**Exercise prompt:** Return exactly the lines of the records below, starting at the line that contains "#149=VERTEX_POINT('',#148);" and ending at the line that contains "#156=CARTESIAN_POINT('',(0.,16.,0.));", with both of those lines kept.

Dataset entries:

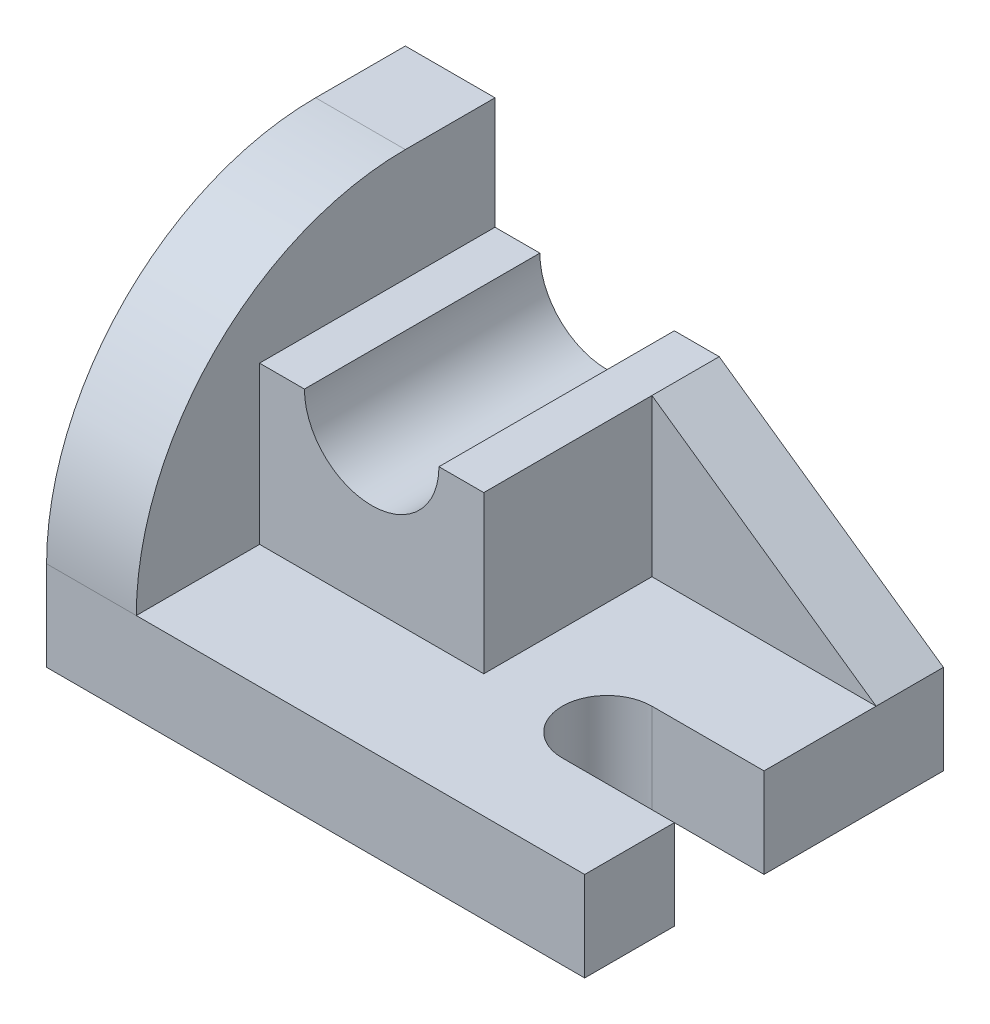
ISO-10303-21;
HEADER;
FILE_DESCRIPTION(('STEP AP214'),'2;1');
FILE_NAME('part.step','',(''),(''),'','','');
FILE_SCHEMA(('AUTOMOTIVE_DESIGN { 1 0 10303 214 1 1 1 1 }'));
ENDSEC;
DATA;
#1=APPLICATION_CONTEXT('core data for automotive mechanical design processes');
#2=APPLICATION_PROTOCOL_DEFINITION('international standard','automotive_design',2000,#1);
#3=PRODUCT_CONTEXT('',#1,'mechanical');
#4=PRODUCT('Part','Part','',(#3));
#5=PRODUCT_RELATED_PRODUCT_CATEGORY('part','',(#4));
#6=PRODUCT_DEFINITION_FORMATION('','',#4);
#7=PRODUCT_DEFINITION_CONTEXT('part definition',#1,'design');
#8=PRODUCT_DEFINITION('design','',#6,#7);
#9=PRODUCT_DEFINITION_SHAPE('','',#8);
#10=(LENGTH_UNIT() NAMED_UNIT(*) SI_UNIT(.MILLI.,.METRE.));
#11=(NAMED_UNIT(*) PLANE_ANGLE_UNIT() SI_UNIT($,.RADIAN.));
#12=(NAMED_UNIT(*) SI_UNIT($,.STERADIAN.) SOLID_ANGLE_UNIT());
#13=UNCERTAINTY_MEASURE_WITH_UNIT(LENGTH_MEASURE(1.E-05),#10,'distance_accuracy_value','');
#14=(GEOMETRIC_REPRESENTATION_CONTEXT(3) GLOBAL_UNCERTAINTY_ASSIGNED_CONTEXT((#13)) GLOBAL_UNIT_ASSIGNED_CONTEXT((#10,
#11,#12)) REPRESENTATION_CONTEXT('',''));
#15=CARTESIAN_POINT('',(0.,0.,0.));
#16=DIRECTION('',(0.,0.,1.));
#17=DIRECTION('',(1.,0.,0.));
#18=AXIS2_PLACEMENT_3D('',#15,#16,#17);
#19=CARTESIAN_POINT('',(76.,16.,-24.));
#20=DIRECTION('',(0.,1.,0.));
#21=DIRECTION('',(0.,0.,1.));
#22=AXIS2_PLACEMENT_3D('',#19,#20,#21);
#23=PLANE('',#22);
#24=DIRECTION('',(0.,0.,-1.));
#25=VECTOR('',#24,1.);
#26=CARTESIAN_POINT('',(96.,16.,-32.));
#27=LINE('',#26,#25);
#28=CARTESIAN_POINT('',(96.,16.,-32.));
#29=VERTEX_POINT('',#28);
#30=CARTESIAN_POINT('',(96.,16.,-52.));
#31=VERTEX_POINT('',#30);
#32=EDGE_CURVE('E132',#29,#31,#27,.T.);
#33=ORIENTED_EDGE('',*,*,#32,.T.);
#34=DIRECTION('',(-1.,0.,0.));
#35=VECTOR('',#34,1.);
#36=CARTESIAN_POINT('',(56.,16.,-52.));
#37=LINE('',#36,#35);
#38=CARTESIAN_POINT('',(56.,16.,-52.));
#39=VERTEX_POINT('',#38);
#40=EDGE_CURVE('E184',#31,#39,#37,.T.);
#41=ORIENTED_EDGE('',*,*,#40,.T.);
#42=DIRECTION('',(0.,0.,-1.));
#43=VECTOR('',#42,1.);
#44=CARTESIAN_POINT('',(56.,16.,-22.));
#45=LINE('',#44,#43);
#46=CARTESIAN_POINT('',(56.,16.,-22.));
#47=VERTEX_POINT('',#46);
#48=EDGE_CURVE('E286',#47,#39,#45,.T.);
#49=ORIENTED_EDGE('',*,*,#48,.F.);
#50=DIRECTION('',(1.,0.,0.));
#51=VECTOR('',#50,1.);
#52=CARTESIAN_POINT('',(0.,16.,-22.));
#53=LINE('',#52,#51);
#54=CARTESIAN_POINT('',(16.,16.,-22.));
#55=VERTEX_POINT('',#54);
#56=EDGE_CURVE('E299',#55,#47,#53,.T.);
#57=ORIENTED_EDGE('',*,*,#56,.F.);
#58=DIRECTION('',(0.,0.,-1.));
#59=VECTOR('',#58,1.);
#60=CARTESIAN_POINT('',(16.,16.,-24.));
#61=LINE('',#60,#59);
#62=CARTESIAN_POINT('',(16.,16.,0.));
#63=VERTEX_POINT('',#62);
#64=EDGE_CURVE('E53',#63,#55,#61,.T.);
#65=ORIENTED_EDGE('',*,*,#64,.F.);
#66=DIRECTION('',(1.,0.,0.));
#67=VECTOR('',#66,1.);
#68=CARTESIAN_POINT('',(0.,16.,0.));
#69=LINE('',#68,#67);
#70=CARTESIAN_POINT('',(96.,16.,0.));
#71=VERTEX_POINT('',#70);
#72=EDGE_CURVE('E100',#63,#71,#69,.T.);
#73=ORIENTED_EDGE('',*,*,#72,.T.);
#74=DIRECTION('',(0.,0.,-1.));
#75=VECTOR('',#74,1.);
#76=CARTESIAN_POINT('',(96.,16.,0.));
#77=LINE('',#76,#75);
#78=CARTESIAN_POINT('',(96.,16.,-16.));
#79=VERTEX_POINT('',#78);
#80=EDGE_CURVE('E114',#71,#79,#77,.T.);
#81=ORIENTED_EDGE('',*,*,#80,.T.);
#82=DIRECTION('',(-1.,0.,0.));
#83=VECTOR('',#82,1.);
#84=CARTESIAN_POINT('',(96.,16.,-16.));
#85=LINE('',#84,#83);
#86=CARTESIAN_POINT('',(76.,16.,-16.));
#87=VERTEX_POINT('',#86);
#88=EDGE_CURVE('E108',#79,#87,#85,.T.);
#89=ORIENTED_EDGE('',*,*,#88,.T.);
#90=CARTESIAN_POINT('',(76.,16.,-24.));
#91=DIRECTION('',(0.,-1.,0.));
#92=DIRECTION('',(0.,0.,1.));
#93=AXIS2_PLACEMENT_3D('',#90,#91,#92);
#94=CIRCLE('',#93,8.);
#95=CARTESIAN_POINT('',(76.,16.,-32.));
#96=VERTEX_POINT('',#95);
#97=EDGE_CURVE('E111',#87,#96,#94,.T.);
#98=ORIENTED_EDGE('',*,*,#97,.T.);
#99=DIRECTION('',(1.,0.,0.));
#100=VECTOR('',#99,1.);
#101=CARTESIAN_POINT('',(96.,16.,-32.));
#102=LINE('',#101,#100);
#103=EDGE_CURVE('E61',#96,#29,#102,.T.);
#104=ORIENTED_EDGE('',*,*,#103,.T.);
#105=EDGE_LOOP('',(#33,#41,#49,#57,#65,#73,#81,#89,#98,#104));
#106=FACE_BOUND('',#105,.T.);
#107=ADVANCED_FACE('F38',(#106),#23,.T.);
#108=CARTESIAN_POINT('',(56.,0.,-22.));
#109=DIRECTION('',(-1.,0.,0.));
#110=DIRECTION('',(0.,0.,1.));
#111=AXIS2_PLACEMENT_3D('',#108,#109,#110);
#112=PLANE('',#111);
#113=DIRECTION('',(0.,1.,0.));
#114=VECTOR('',#113,1.);
#115=CARTESIAN_POINT('',(56.,44.,-52.));
#116=LINE('',#115,#114);
#117=CARTESIAN_POINT('',(56.,44.,-52.));
#118=VERTEX_POINT('',#117);
#119=EDGE_CURVE('E317',#39,#118,#116,.T.);
#120=ORIENTED_EDGE('',*,*,#119,.T.);
#121=DIRECTION('',(0.,0.,-1.));
#122=VECTOR('',#121,1.);
#123=CARTESIAN_POINT('',(56.,44.,-22.));
#124=LINE('',#123,#122);
#125=CARTESIAN_POINT('',(56.,44.,-22.));
#126=VERTEX_POINT('',#125);
#127=EDGE_CURVE('E282',#126,#118,#124,.T.);
#128=ORIENTED_EDGE('',*,*,#127,.F.);
#129=DIRECTION('',(0.,1.,0.));
#130=VECTOR('',#129,1.);
#131=CARTESIAN_POINT('',(56.,0.,-22.));
#132=LINE('',#131,#130);
#133=EDGE_CURVE('E301',#47,#126,#132,.T.);
#134=ORIENTED_EDGE('',*,*,#133,.F.);
#135=ORIENTED_EDGE('',*,*,#48,.T.);
#136=EDGE_LOOP('',(#120,#128,#134,#135));
#137=FACE_BOUND('',#136,.T.);
#138=ADVANCED_FACE('F322',(#137),#112,.F.);
#139=CARTESIAN_POINT('',(0.,16.,0.));
#140=DIRECTION('',(1.,0.,0.));
#141=DIRECTION('',(0.,0.,-1.));
#142=AXIS2_PLACEMENT_3D('',#139,#140,#141);
#143=PLANE('',#142);
#144=DIRECTION('',(0.,0.,1.));
#145=VECTOR('',#144,1.);
#146=CARTESIAN_POINT('',(0.,0.,0.));
#147=LINE('',#146,#145);
#148=CARTESIAN_POINT('',(0.,0.,-64.));
#149=VERTEX_POINT('',#148);
#150=CARTESIAN_POINT('',(0.,0.,0.));
#151=VERTEX_POINT('',#150);
#152=EDGE_CURVE('E138',#149,#151,#147,.T.);
#153=ORIENTED_EDGE('',*,*,#152,.T.);
#154=DIRECTION('',(0.,-1.,0.));
#155=VECTOR('',#154,1.);
#156=CARTESIAN_POINT('',(0.,16.,0.));
#157=LINE('',#156,#155);
#158=CARTESIAN_POINT('',(0.,16.,0.));
#159=VERTEX_POINT('',#158);
#160=EDGE_CURVE('E11',#159,#151,#157,.T.);
#161=ORIENTED_EDGE('',*,*,#160,.F.);
#162=CARTESIAN_POINT('',(0.,16.,-48.));
#163=DIRECTION('',(-1.,0.,0.));
#164=DIRECTION('',(0.,0.,-1.));
#165=AXIS2_PLACEMENT_3D('',#162,#163,#164);
#166=CIRCLE('',#165,48.);
#167=CARTESIAN_POINT('',(0.,64.,-48.));
#168=VERTEX_POINT('',#167);
#169=EDGE_CURVE('E258',#159,#168,#166,.T.);
#170=ORIENTED_EDGE('',*,*,#169,.T.);
#171=DIRECTION('',(0.,0.,-1.));
#172=VECTOR('',#171,1.);
#173=CARTESIAN_POINT('',(0.,64.,-64.));
#174=LINE('',#173,#172);
#175=CARTESIAN_POINT('',(0.,64.,-64.));
#176=VERTEX_POINT('',#175);
#177=EDGE_CURVE('E252',#168,#176,#174,.T.);
#178=ORIENTED_EDGE('',*,*,#177,.T.);
#179=DIRECTION('',(0.,-1.,0.));
#180=VECTOR('',#179,1.);
#181=CARTESIAN_POINT('',(0.,16.,-64.));
#182=LINE('',#181,#180);
#183=EDGE_CURVE('E137',#176,#149,#182,.T.);
#184=ORIENTED_EDGE('',*,*,#183,.T.);
#185=EDGE_LOOP('',(#153,#161,#170,#178,#184));
#186=FACE_BOUND('',#185,.T.);
#187=ADVANCED_FACE('F40',(#186),#143,.F.);
#188=CARTESIAN_POINT('',(0.,16.,0.));
#189=DIRECTION('',(0.,0.,-1.));
#190=DIRECTION('',(-1.,0.,0.));
#191=AXIS2_PLACEMENT_3D('',#188,#189,#190);
#192=PLANE('',#191);
#193=ORIENTED_EDGE('',*,*,#72,.F.);
#194=EDGE_CURVE('E269',#159,#63,#69,.T.);
#195=ORIENTED_EDGE('',*,*,#194,.F.);
#196=ORIENTED_EDGE('',*,*,#160,.T.);
#197=DIRECTION('',(1.,0.,0.));
#198=VECTOR('',#197,1.);
#199=CARTESIAN_POINT('',(0.,0.,0.));
#200=LINE('',#199,#198);
#201=CARTESIAN_POINT('',(96.,0.,0.));
#202=VERTEX_POINT('',#201);
#203=EDGE_CURVE('E141',#151,#202,#200,.T.);
#204=ORIENTED_EDGE('',*,*,#203,.T.);
#205=DIRECTION('',(0.,-1.,0.));
#206=VECTOR('',#205,1.);
#207=CARTESIAN_POINT('',(96.,16.,0.));
#208=LINE('',#207,#206);
#209=EDGE_CURVE('E46',#71,#202,#208,.T.);
#210=ORIENTED_EDGE('',*,*,#209,.F.);
#211=EDGE_LOOP('',(#193,#195,#196,#204,#210));
#212=FACE_BOUND('',#211,.T.);
#213=ADVANCED_FACE('F370',(#212),#192,.F.);
#214=CARTESIAN_POINT('',(96.,16.,0.));
#215=DIRECTION('',(-1.,0.,0.));
#216=DIRECTION('',(0.,0.,1.));
#217=AXIS2_PLACEMENT_3D('',#214,#215,#216);
#218=PLANE('',#217);
#219=DIRECTION('',(0.,0.,-1.));
#220=VECTOR('',#219,1.);
#221=CARTESIAN_POINT('',(96.,0.,0.));
#222=LINE('',#221,#220);
#223=CARTESIAN_POINT('',(96.,0.,-16.));
#224=VERTEX_POINT('',#223);
#225=EDGE_CURVE('E143',#202,#224,#222,.T.);
#226=ORIENTED_EDGE('',*,*,#225,.T.);
#227=DIRECTION('',(0.,-1.,0.));
#228=VECTOR('',#227,1.);
#229=CARTESIAN_POINT('',(96.,16.,-16.));
#230=LINE('',#229,#228);
#231=EDGE_CURVE('E126',#79,#224,#230,.T.);
#232=ORIENTED_EDGE('',*,*,#231,.F.);
#233=ORIENTED_EDGE('',*,*,#80,.F.);
#234=ORIENTED_EDGE('',*,*,#209,.T.);
#235=EDGE_LOOP('',(#226,#232,#233,#234));
#236=FACE_BOUND('',#235,.T.);
#237=ADVANCED_FACE('F163',(#236),#218,.F.);
#238=CARTESIAN_POINT('',(96.,16.,-16.));
#239=DIRECTION('',(0.,0.,1.));
#240=DIRECTION('',(1.,0.,0.));
#241=AXIS2_PLACEMENT_3D('',#238,#239,#240);
#242=PLANE('',#241);
#243=DIRECTION('',(-1.,0.,0.));
#244=VECTOR('',#243,1.);
#245=CARTESIAN_POINT('',(96.,0.,-16.));
#246=LINE('',#245,#244);
#247=CARTESIAN_POINT('',(76.,0.,-16.));
#248=VERTEX_POINT('',#247);
#249=EDGE_CURVE('E123',#224,#248,#246,.T.);
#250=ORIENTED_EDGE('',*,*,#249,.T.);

**Result below:**
#149=VERTEX_POINT('',#148);
#150=CARTESIAN_POINT('',(0.,0.,0.));
#151=VERTEX_POINT('',#150);
#152=EDGE_CURVE('E138',#149,#151,#147,.T.);
#153=ORIENTED_EDGE('',*,*,#152,.T.);
#154=DIRECTION('',(0.,-1.,0.));
#155=VECTOR('',#154,1.);
#156=CARTESIAN_POINT('',(0.,16.,0.));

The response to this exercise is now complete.